Accessing the fraction of well-curated data from multiple databases is not trivial. Perhaps the most obvious reason for this are unrelated genes with shared names. For example, the gene product of mcrB in E. coli widely refers to 5-methylcytosine-specific restriction enzyme B, but in the Archaea, it would refer to the beta subunit of methyl-coenzyme M reductase—a completely unrelated protein. This is an inevitability in a field of science as broad as biology, where scientists that are responsible for naming genes cannot possibly be aware of all gene names in circulation. Another issue can be genes or proteins with synonyms, making the search for these data more complex. In these cases, you may need to search multiple databases with several queries in order to access all the sequences belonging to the same protein family.

3.7 Validation

There are a number of quality control measures that can be taken to ensure the functional characteristics are as expected.

3.7.1 Basic

  • BLAST: The first method for validating a set of candidate reference sequences could be to use the web-based Basic Local Alignment Search Tool available through the NCBI. Submit a FASTA file containing your sequences to Protein BLAST (blastp) with an appropriate database.
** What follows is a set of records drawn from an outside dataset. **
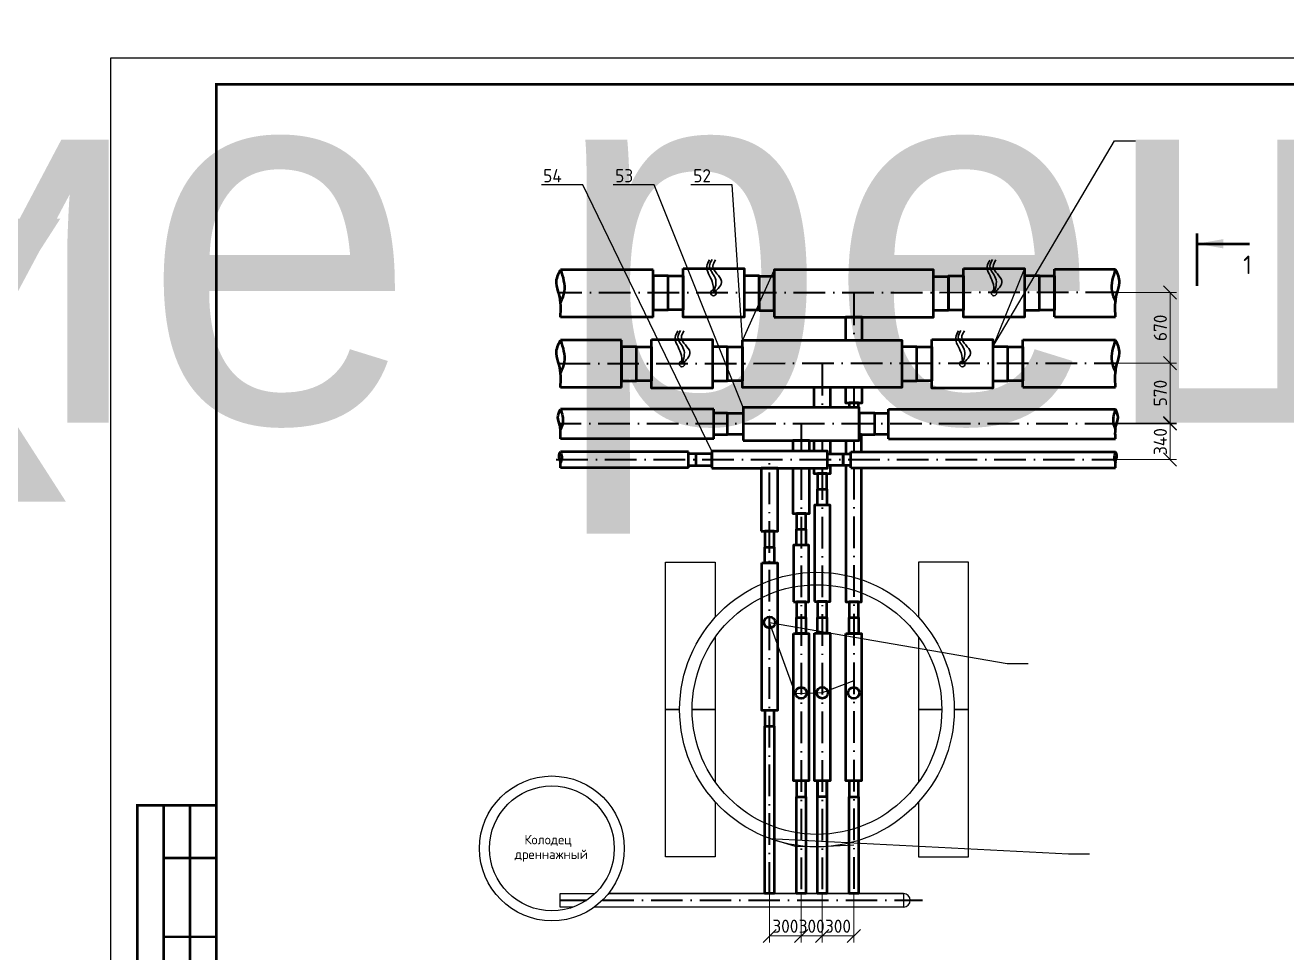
# Model space of a CAD drawing. Header units: metres. Extents: x 1981 to 7362, y 1229 to 3678.
# Drawn here: x 3444.6 to 3684.3, y 2471.2 to 2647.4 of the extents above; entities that cross this region are included whole.
import ezdxf
from ezdxf import colors
from ezdxf.entities.mleader import LeaderData, LeaderLine
from ezdxf.enums import TextEntityAlignment as Align
from ezdxf.math import Vec2, Vec3

# ---------------------------------------------------------------- set-up
doc = ezdxf.new("R2018")
doc.units = ezdxf.units.M
doc.linetypes.add('ACAD_ISO10W100', pattern=[18.5, 12, -3, 0.5, -3])
doc.layers.add('Основной', color=255, linetype='Continuous', lineweight=50)
doc.layers.add('Форматы', color=7, linetype='Continuous')
doc.styles.add('-ISOCPEUR-', font='isocpeur.ttf')
doc.styles.add('GOST', font='GOST.shx', dxfattribs={"oblique": 15})
doc.styles.add('GOST-2.304_Type-B', font='GOST Common.ttf')
doc.styles.get("Standard").update_dxf_attribs({"font": 'GOST Common.ttf'})
doc.dimstyles.new('М 1 к 50', dxfattribs={"dimtxt": 2.5, "dimasz": 2.5, "dimexe": 1.25, "dimexo": 0, "dimgap": 0.6, "dimtad": 1, "dimdec": 0, "dimlfac": 50, "dimdsep": 46, "dimtxsty": 'GOST', "dimblk": 'OBLIQUE', "dimcen": 0, "dimclrd": 256, "dimclre": 256, "dimclrt": 256, "dimazin": 0, "dimtfac": 1, "dimtdec": 0, "dimtmove": 0, "dimatfit": 1, "dimldrblk": 'NONE', "dimfxl": 1.25, "dimlwd": 20, "dimlwe": 20, "dimarcsym": 1})

# ---------------------------------------------------------------- blocks, each defined once
blk = doc.blocks.new('*U163')
blk.add_lwpolyline([(0, 0), (420, 0), (420, -297), (0, -297)], close=True)
at = {"const_width": 0.5}
blk.add_lwpolyline([(20, -5), (415, -5), (415, -292), (20, -292)], close=True, dxfattribs=at)
for points in [[(20, -207), (5, -207), (5, -142), (20, -142)], [(10, -142), (10, -207)], [(15, -142), (15, -207)], [(10, -152), (20, -152)], [(10, -167), (20, -167)]]:
    blk.add_lwpolyline(points, dxfattribs=at)
at = {"style": 'GOST-2.304_Type-B'}
blk.add_attdef('РАЗРАБОТАЛ', text='', height=2.5, dxfattribs=at).set_placement((250.5, -264.22), align=Align.MIDDLE_LEFT)
at = {"style": 'GOST-2.304_Type-B', "flags": 8}
for tag, height, p in [('ДАТА', 2.5, (290.07, -264.4)), ('ЛИСТ', 3, (386.39, -271.92)), ('ЛИСТОВ', 3, (403.89, -271.92)), ('ФОРМАТ', 3, (380.97, -294.75))]:
    blk.add_attdef(tag, text='', height=height, dxfattribs=at).set_placement(p, align=Align.MIDDLE_CENTER)
at = {"style": 'GOST-2.304_Type-B'}
blk.add_attdef('ПРОВЕРИЛ', (250.75, -270.73), '', height=2.5, dxfattribs=at)
at = {"lineweight": 30, "flags": 104}
for tag, p in [('ТЕПЛОВЫЕ_СЕТИ', (330, -269.5)), ('ИМЯ_ЧЕРТЕЖА', (330, -284.5))]:
    blk.add_attdef(tag, text='', height=3, dxfattribs=at).set_placement(p, align=Align.MIDDLE_CENTER)
blk = doc.blocks.new('_Oblique')
at = {"color": 0, "linetype": 'ByBlock', "lineweight": -2}
blk.add_line((-0.5, -0.5), (0.5, 0.5), dxfattribs=at)
blk = doc.blocks.new('*D157')
at = {"lineweight": 20, "transparency": 16777216}
for p, q in [((3652.12, 2596.64), (3663.41, 2596.64)), ((3662.16, 2596.64), (3662.16, 2583.24)), ((3652.13, 2583.24), (3663.41, 2583.24))]:
    blk.add_line(p, q, dxfattribs=at)
at = {"layer": 'Defpoints', "color": 0, "lineweight": 50, "transparency": 16777216}
for p in [(3652.12, 2596.64), (3652.13, 2583.24), (3662.16, 2583.24)]:
    blk.add_point(p, dxfattribs=at)
at = {"lineweight": 20, "transparency": 16777216, "xscale": 2.5, "yscale": 2.5, "zscale": 2.5}
for p, rotation in [((3662.16, 2596.64), 90), ((3662.16, 2583.24), 270)]:
    blk.add_blockref('_Oblique', p, dxfattribs=dict(at, rotation=rotation))
at = {"transparency": 16777216, "insert": (3660.31, 2589.94), "char_height": 2.5, "attachment_point": 5, "rotation": 90}
blk.add_mtext('670', dxfattribs=at)
blk = doc.blocks.new('_None')
blk = doc.blocks.new('*D158')
at = {"lineweight": 20, "transparency": 16777216}
for p, q in [((3652.12, 2583.24), (3663.41, 2583.24)), ((3662.16, 2583.24), (3662.16, 2571.84)), ((3652.12, 2571.84), (3663.41, 2571.84))]:
    blk.add_line(p, q, dxfattribs=at)
at = {"layer": 'Defpoints', "color": 0, "lineweight": 50, "transparency": 16777216}
for p in [(3652.12, 2583.24), (3652.12, 2571.84), (3662.16, 2571.84)]:
    blk.add_point(p, dxfattribs=at)
at = {"lineweight": 20, "transparency": 16777216, "xscale": 2.5, "yscale": 2.5, "zscale": 2.5}
for p, rotation in [((3662.16, 2583.24), 90), ((3662.16, 2571.84), 270)]:
    blk.add_blockref('_Oblique', p, dxfattribs=dict(at, rotation=rotation))
at = {"transparency": 16777216, "insert": (3660.31, 2577.54), "char_height": 2.5, "attachment_point": 5, "rotation": 90}
blk.add_mtext('570', dxfattribs=at)
blk = doc.blocks.new('*D159')
at = {"lineweight": 20, "transparency": 16777216}
for p, q in [((3651.99, 2571.73), (3663.41, 2571.73)), ((3662.16, 2571.73), (3662.16, 2564.93)), ((3651.99, 2564.93), (3663.41, 2564.93))]:
    blk.add_line(p, q, dxfattribs=at)
at = {"layer": 'Defpoints', "color": 0, "lineweight": 50, "transparency": 16777216}
for p in [(3651.99, 2571.73), (3651.99, 2564.93), (3662.16, 2564.93)]:
    blk.add_point(p, dxfattribs=at)
at = {"lineweight": 20, "transparency": 16777216, "xscale": 2.5, "yscale": 2.5, "zscale": 2.5}
for p, rotation in [((3662.16, 2571.73), 90), ((3662.16, 2564.93), 270)]:
    blk.add_blockref('_Oblique', p, dxfattribs=dict(at, rotation=rotation))
at = {"transparency": 16777216, "insert": (3660.31, 2568.33), "char_height": 2.5, "attachment_point": 5, "rotation": 90}
blk.add_mtext('340', dxfattribs=at)
blk = doc.blocks.new('*D160')
at = {"lineweight": 20, "transparency": 16777216}
for p, q in [((3586.05, 2482.44), (3586.05, 2473.14)), ((3592.05, 2482.44), (3592.05, 2473.14)), ((3586.05, 2474.39), (3592.05, 2474.39))]:
    blk.add_line(p, q, dxfattribs=at)
at = {"layer": 'Defpoints', "color": 0, "lineweight": 50, "transparency": 16777216}
for p in [(3586.05, 2482.44), (3592.05, 2482.44), (3592.05, 2474.39)]:
    blk.add_point(p, dxfattribs=at)
at = {"lineweight": 20, "transparency": 16777216, "xscale": 2.5, "yscale": 2.5, "zscale": 2.5, "rotation": 180}
blk.add_blockref('_Oblique', (3586.05, 2474.39), dxfattribs=at)
at = {"lineweight": 20, "transparency": 16777216, "xscale": 2.5, "yscale": 2.5, "zscale": 2.5}
blk.add_blockref('_Oblique', (3592.05, 2474.39), dxfattribs=at)
at = {"transparency": 16777216, "insert": (3589.05, 2476.24), "char_height": 2.5, "attachment_point": 5}
blk.add_mtext('300', dxfattribs=at)
blk = doc.blocks.new('*D161')
at = {"lineweight": 20, "transparency": 16777216}
for p, q in [((3592.05, 2482.44), (3592.05, 2473.14)), ((3596.05, 2482.44), (3596.05, 2473.14)), ((3592.05, 2474.39), (3596.05, 2474.39))]:
    blk.add_line(p, q, dxfattribs=at)
at = {"layer": 'Defpoints', "color": 0, "lineweight": 50, "transparency": 16777216}
for p in [(3592.05, 2482.44), (3596.05, 2482.44), (3596.05, 2474.39)]:
    blk.add_point(p, dxfattribs=at)
at = {"lineweight": 20, "transparency": 16777216, "xscale": 2.5, "yscale": 2.5, "zscale": 2.5, "rotation": 180}
blk.add_blockref('_Oblique', (3592.05, 2474.39), dxfattribs=at)
at = {"lineweight": 20, "transparency": 16777216, "xscale": 2.5, "yscale": 2.5, "zscale": 2.5}
blk.add_blockref('_Oblique', (3596.05, 2474.39), dxfattribs=at)
at = {"transparency": 16777216, "insert": (3594.05, 2476.24), "char_height": 2.5, "attachment_point": 5}
blk.add_mtext('300', dxfattribs=at)
blk = doc.blocks.new('*D162')
at = {"lineweight": 20, "transparency": 16777216}
for p, q in [((3596.05, 2482.44), (3596.05, 2473.14)), ((3602.05, 2482.44), (3602.05, 2473.14)), ((3596.05, 2474.39), (3602.05, 2474.39))]:
    blk.add_line(p, q, dxfattribs=at)
at = {"layer": 'Defpoints', "color": 0, "lineweight": 50, "transparency": 16777216}
for p in [(3596.05, 2482.44), (3602.05, 2482.44), (3602.05, 2474.39)]:
    blk.add_point(p, dxfattribs=at)
at = {"lineweight": 20, "transparency": 16777216, "xscale": 2.5, "yscale": 2.5, "zscale": 2.5, "rotation": 180}
blk.add_blockref('_Oblique', (3596.05, 2474.39), dxfattribs=at)
at = {"lineweight": 20, "transparency": 16777216, "xscale": 2.5, "yscale": 2.5, "zscale": 2.5}
blk.add_blockref('_Oblique', (3602.05, 2474.39), dxfattribs=at)
at = {"transparency": 16777216, "insert": (3599.05, 2476.24), "char_height": 2.5, "attachment_point": 5}
blk.add_mtext('300', dxfattribs=at)
blk = doc.blocks.new('*U142')
at = {"style": 'GOST-2.304_Type-B'}
blk.add_attdef('РАЗРАБОТАЛ', text='', height=2.5, dxfattribs=at).set_placement((40.5, -264.22), align=Align.MIDDLE_LEFT)
at = {"style": 'GOST-2.304_Type-B', "flags": 8}
for tag, height, p in [('ДАТА', 2.5, (80.07, -264.4)), ('ЛИСТ', 3, (176.39, -271.92)), ('ЛИСТОВ', 3, (193.89, -271.92)), ('ФОРМАТ', 3, (170.97, -294.75))]:
    blk.add_attdef(tag, text='', height=height, dxfattribs=at).set_placement(p, align=Align.MIDDLE_CENTER)
at = {"style": 'GOST-2.304_Type-B'}
blk.add_attdef('ПРОВЕРИЛ', (40.75, -270.73), '', height=2.5, dxfattribs=at)
at = {"lineweight": 30, "flags": 104}
for tag, p in [('ТЕПЛОВЫЕ_СЕТИ', (120, -269.5)), ('ИМЯ_ЧЕРТЕЖА', (120, -284.5))]:
    blk.add_attdef(tag, text='', height=3, dxfattribs=at).set_placement(p, align=Align.MIDDLE_CENTER)

msp = doc.modelspace()

# ---------------------------------------------------------------- hatches: boundary and pattern name
at = {"layer": 'Основной'}
msp.add_hatch(color=256, dxfattribs=at).paths.add_polyline_path([(3667.273, 2605.913), (3672.273, 2606.795), (3672.273, 2605.032)], flags=0)

# ---------------------------------------------------------------- linework, layer by layer
at = {"lineweight": 50}
for p, q in [((3563.909, 2600.976), (3546.309, 2600.976)), ((3563.909, 2591.976), (3563.909, 2600.976)), ((3584.049, 2593.226), (3584.049, 2599.726)), ((3584.049, 2593.226), (3584.049, 2599.726)), ((3584.049, 2593.226), (3584.049, 2599.726)), ((3584.049, 2593.226), (3584.049, 2599.726)), ((3620.049, 2593.226), (3620.049, 2599.726)), ((3620.049, 2593.226), (3620.049, 2599.726)), ((3620.049, 2593.226), (3620.049, 2599.726)), ((3620.049, 2593.226), (3620.049, 2599.726)), ((3640.189, 2592.06), (3640.189, 2601.06)), ((3640.189, 2601.06), (3651.789, 2601.06)), ((3563.909, 2591.976), (3546.309, 2591.976)), ((3640.189, 2592.06), (3651.789, 2592.06)), ((3557.909, 2587.576), (3546.309, 2587.576)), ((3557.909, 2578.576), (3557.909, 2587.576)), ((3634.189, 2578.66), (3634.189, 2587.66)), ((3634.189, 2587.66), (3651.789, 2587.66)), ((3614.049, 2579.826), (3614.049, 2586.326)), ((3614.049, 2579.826), (3614.049, 2586.326)), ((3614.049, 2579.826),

To further reduce the processing time, you can restrict the reference sequences to specific taxa or use different algorithms. One thing to note is the query size limit - blastp will accept only FASTA files containing fewer than 100,000 characters. So, it is a good idea to take a representative sample or cluster the sequences before submitting the job.

  • EggNOG-mapper: If you didn’t download your query sequences from the EggNOG database, a good resource to check your sequences is EggNOG mapper. It will annotate your query sequences against the EggNOG database and serve the result in several formats.

3.7.2 Advanced

  • Phylogenetic inference: Try building a phylogeny from the candidate reference sequences and see whether there are any anomolously long branches between clades.
  • hmmsearch across PFam database: Got some time to kill? Try aligning your candidate reference sequences to all profile HMMs in the PFam database! This will need to be done on the command-line and you will need to download Pfam-A.hmm.gz from the PFam ftp site.